▶ **WORK REQUIRED**
Exact transcription begins at the first line of the material below and ends with the line holding "layer by layer"; pictures are skipped.

▶ **RECORDS FOR THIS TASK**

━━━━━━━━━━━━━━━━━━━━

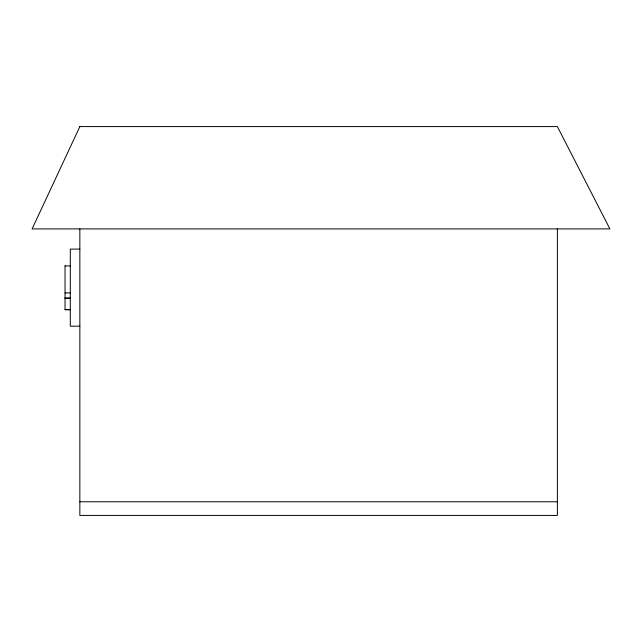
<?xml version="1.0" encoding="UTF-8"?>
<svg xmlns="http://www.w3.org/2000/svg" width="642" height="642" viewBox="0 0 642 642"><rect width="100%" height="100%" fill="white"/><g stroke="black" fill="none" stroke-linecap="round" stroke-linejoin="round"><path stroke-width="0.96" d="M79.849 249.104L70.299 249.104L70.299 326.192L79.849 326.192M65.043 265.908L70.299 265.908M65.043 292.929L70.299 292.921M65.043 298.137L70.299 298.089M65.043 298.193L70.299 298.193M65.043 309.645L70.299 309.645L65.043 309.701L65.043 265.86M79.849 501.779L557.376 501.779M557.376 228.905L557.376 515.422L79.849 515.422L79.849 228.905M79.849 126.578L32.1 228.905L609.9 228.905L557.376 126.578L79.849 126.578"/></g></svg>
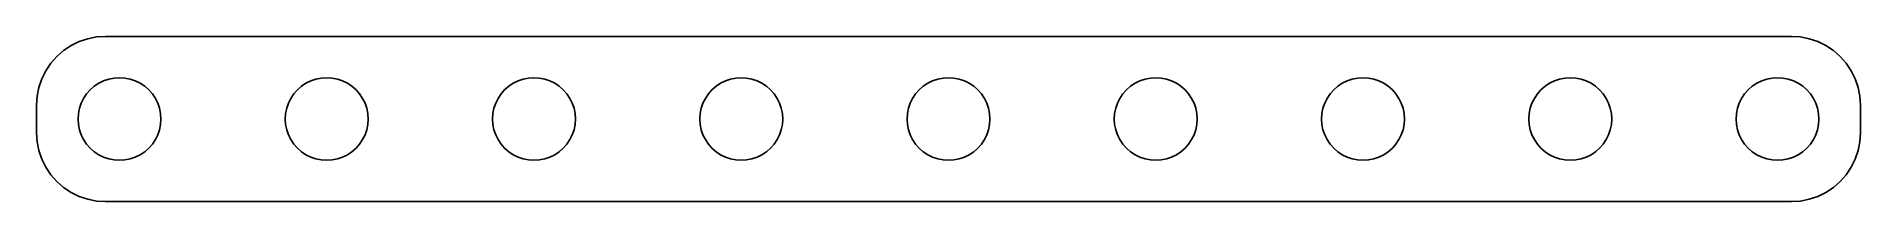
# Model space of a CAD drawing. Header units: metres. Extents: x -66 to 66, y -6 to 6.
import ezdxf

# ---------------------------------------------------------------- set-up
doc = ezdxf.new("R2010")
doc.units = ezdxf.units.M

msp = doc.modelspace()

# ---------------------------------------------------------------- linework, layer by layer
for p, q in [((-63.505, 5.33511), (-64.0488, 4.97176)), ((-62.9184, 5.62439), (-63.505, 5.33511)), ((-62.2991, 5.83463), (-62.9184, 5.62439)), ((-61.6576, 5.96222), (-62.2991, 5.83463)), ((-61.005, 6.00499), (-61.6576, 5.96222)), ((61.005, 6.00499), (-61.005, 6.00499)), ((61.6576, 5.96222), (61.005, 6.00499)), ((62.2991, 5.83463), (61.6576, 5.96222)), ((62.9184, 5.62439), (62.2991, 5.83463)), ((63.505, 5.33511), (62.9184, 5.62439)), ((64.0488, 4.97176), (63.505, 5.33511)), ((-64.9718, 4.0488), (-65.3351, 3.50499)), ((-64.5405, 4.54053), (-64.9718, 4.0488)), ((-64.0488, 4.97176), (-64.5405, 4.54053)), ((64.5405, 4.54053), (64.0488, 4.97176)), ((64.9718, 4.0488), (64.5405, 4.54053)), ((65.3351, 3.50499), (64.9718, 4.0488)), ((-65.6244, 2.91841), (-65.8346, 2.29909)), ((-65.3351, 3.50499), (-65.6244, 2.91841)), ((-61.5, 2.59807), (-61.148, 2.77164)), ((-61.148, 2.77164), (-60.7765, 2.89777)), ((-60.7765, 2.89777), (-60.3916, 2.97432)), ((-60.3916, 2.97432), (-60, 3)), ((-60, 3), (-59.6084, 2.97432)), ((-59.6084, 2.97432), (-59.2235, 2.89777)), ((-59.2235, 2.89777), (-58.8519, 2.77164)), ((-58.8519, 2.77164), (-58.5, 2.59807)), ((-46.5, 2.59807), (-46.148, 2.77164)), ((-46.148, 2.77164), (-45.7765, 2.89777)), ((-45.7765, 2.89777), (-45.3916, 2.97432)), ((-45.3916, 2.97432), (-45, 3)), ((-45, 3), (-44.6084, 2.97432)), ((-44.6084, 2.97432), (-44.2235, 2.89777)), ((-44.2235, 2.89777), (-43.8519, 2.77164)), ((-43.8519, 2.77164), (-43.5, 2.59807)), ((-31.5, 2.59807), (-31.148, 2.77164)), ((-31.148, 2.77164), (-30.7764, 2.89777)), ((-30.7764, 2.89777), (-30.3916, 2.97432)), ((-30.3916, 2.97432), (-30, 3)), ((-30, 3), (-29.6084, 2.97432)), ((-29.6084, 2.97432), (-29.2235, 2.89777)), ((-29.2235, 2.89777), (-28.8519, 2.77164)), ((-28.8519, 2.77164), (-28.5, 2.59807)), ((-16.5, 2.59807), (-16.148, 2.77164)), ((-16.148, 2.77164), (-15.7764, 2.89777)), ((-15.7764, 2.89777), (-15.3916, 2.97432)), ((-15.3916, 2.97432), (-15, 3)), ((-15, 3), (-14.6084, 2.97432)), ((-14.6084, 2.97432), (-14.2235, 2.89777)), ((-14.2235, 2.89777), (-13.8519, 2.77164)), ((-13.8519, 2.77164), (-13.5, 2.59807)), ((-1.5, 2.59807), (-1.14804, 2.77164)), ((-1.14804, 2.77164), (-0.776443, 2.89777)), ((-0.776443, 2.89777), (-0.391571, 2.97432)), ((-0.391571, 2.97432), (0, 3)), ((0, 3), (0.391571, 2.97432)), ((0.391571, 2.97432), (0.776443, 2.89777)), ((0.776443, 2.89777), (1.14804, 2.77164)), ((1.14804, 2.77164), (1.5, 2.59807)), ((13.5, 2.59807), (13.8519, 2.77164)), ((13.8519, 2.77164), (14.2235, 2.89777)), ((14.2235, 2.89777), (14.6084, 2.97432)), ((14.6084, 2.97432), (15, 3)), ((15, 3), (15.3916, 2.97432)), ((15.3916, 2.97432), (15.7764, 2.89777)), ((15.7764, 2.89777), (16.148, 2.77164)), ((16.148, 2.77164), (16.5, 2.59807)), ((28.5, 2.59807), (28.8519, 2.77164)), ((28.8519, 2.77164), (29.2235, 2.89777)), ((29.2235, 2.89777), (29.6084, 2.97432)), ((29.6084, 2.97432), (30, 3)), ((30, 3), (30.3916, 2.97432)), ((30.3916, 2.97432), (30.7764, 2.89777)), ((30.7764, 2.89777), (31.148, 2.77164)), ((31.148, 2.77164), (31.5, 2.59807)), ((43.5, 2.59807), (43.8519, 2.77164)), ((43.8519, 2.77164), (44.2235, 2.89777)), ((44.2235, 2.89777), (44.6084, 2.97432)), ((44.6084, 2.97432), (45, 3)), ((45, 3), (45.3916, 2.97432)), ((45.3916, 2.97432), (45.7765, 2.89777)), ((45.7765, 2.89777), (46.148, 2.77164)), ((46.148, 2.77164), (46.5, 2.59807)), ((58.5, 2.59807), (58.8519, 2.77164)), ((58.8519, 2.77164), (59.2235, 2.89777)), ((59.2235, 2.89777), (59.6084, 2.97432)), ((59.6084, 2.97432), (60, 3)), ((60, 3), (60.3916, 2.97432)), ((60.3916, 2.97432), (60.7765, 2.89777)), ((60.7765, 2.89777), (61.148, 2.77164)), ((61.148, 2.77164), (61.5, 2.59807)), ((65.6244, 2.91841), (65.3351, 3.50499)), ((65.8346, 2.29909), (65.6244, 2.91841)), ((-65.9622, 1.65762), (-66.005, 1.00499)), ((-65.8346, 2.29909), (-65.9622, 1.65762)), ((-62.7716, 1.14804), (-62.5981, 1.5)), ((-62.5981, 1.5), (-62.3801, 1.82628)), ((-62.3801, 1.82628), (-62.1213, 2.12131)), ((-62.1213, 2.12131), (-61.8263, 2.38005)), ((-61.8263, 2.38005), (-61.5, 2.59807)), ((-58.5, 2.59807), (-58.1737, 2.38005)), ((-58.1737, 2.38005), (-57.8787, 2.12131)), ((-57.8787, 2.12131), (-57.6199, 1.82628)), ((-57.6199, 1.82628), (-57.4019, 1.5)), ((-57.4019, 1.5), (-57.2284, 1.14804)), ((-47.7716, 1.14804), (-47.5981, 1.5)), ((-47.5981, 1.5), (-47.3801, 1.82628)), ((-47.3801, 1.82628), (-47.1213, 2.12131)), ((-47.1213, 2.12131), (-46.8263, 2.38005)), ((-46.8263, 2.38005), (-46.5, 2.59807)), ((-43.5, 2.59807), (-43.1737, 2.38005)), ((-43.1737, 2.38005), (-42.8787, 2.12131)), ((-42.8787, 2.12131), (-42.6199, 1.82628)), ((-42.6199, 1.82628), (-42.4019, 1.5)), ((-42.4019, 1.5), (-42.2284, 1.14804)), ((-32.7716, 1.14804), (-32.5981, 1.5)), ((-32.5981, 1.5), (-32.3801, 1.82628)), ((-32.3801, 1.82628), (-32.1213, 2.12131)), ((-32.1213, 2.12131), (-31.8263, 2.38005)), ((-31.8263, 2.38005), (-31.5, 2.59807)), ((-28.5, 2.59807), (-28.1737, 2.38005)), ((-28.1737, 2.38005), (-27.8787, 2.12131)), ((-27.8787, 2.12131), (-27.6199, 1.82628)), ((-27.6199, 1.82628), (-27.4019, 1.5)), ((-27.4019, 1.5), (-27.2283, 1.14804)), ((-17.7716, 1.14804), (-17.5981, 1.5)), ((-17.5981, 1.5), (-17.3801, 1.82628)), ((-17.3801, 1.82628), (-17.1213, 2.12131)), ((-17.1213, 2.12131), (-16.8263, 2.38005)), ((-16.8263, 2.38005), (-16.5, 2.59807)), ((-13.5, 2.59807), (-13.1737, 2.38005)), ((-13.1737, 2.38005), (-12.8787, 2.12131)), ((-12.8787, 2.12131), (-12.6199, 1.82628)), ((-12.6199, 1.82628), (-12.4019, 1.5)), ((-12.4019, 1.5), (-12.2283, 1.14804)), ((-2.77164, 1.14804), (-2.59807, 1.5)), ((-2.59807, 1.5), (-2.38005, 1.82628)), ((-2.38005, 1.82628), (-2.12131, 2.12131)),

━━━━━━━━━━━━━━━━━━━━

▶ **SOLUTION TO THIS EXERCISE**
<?xml version="1.0" encoding="UTF-8"?>
<svg xmlns="http://www.w3.org/2000/svg" width="642" height="642" viewBox="0 0 642 642"><rect width="100%" height="100%" fill="white"/><g stroke="black" fill="none" stroke-linecap="round" stroke-linejoin="round"><path stroke-width="0.96" d="M79.849 249.104L70.299 249.104L70.299 326.192L79.849 326.192M65.043 265.908L70.299 265.908M65.043 292.929L70.299 292.921M65.043 298.137L70.299 298.089M65.043 298.193L70.299 298.193M65.043 309.645L70.299 309.645L65.043 309.701L65.043 265.86M79.849 501.779L557.376 501.779M557.376 228.905L557.376 515.422L79.849 515.422L79.849 228.905M79.849 126.578L32.1 228.905L609.9 228.905L557.376 126.578L79.849 126.578"/></g></svg>
# Model space of a CAD drawing. Header units: metres. Extents: x -66 to 66, y -6 to 6.
import ezdxf

# ---------------------------------------------------------------- set-up
doc = ezdxf.new("R2010")
doc.units = ezdxf.units.M

msp = doc.modelspace()

# ---------------------------------------------------------------- linework, layer by layer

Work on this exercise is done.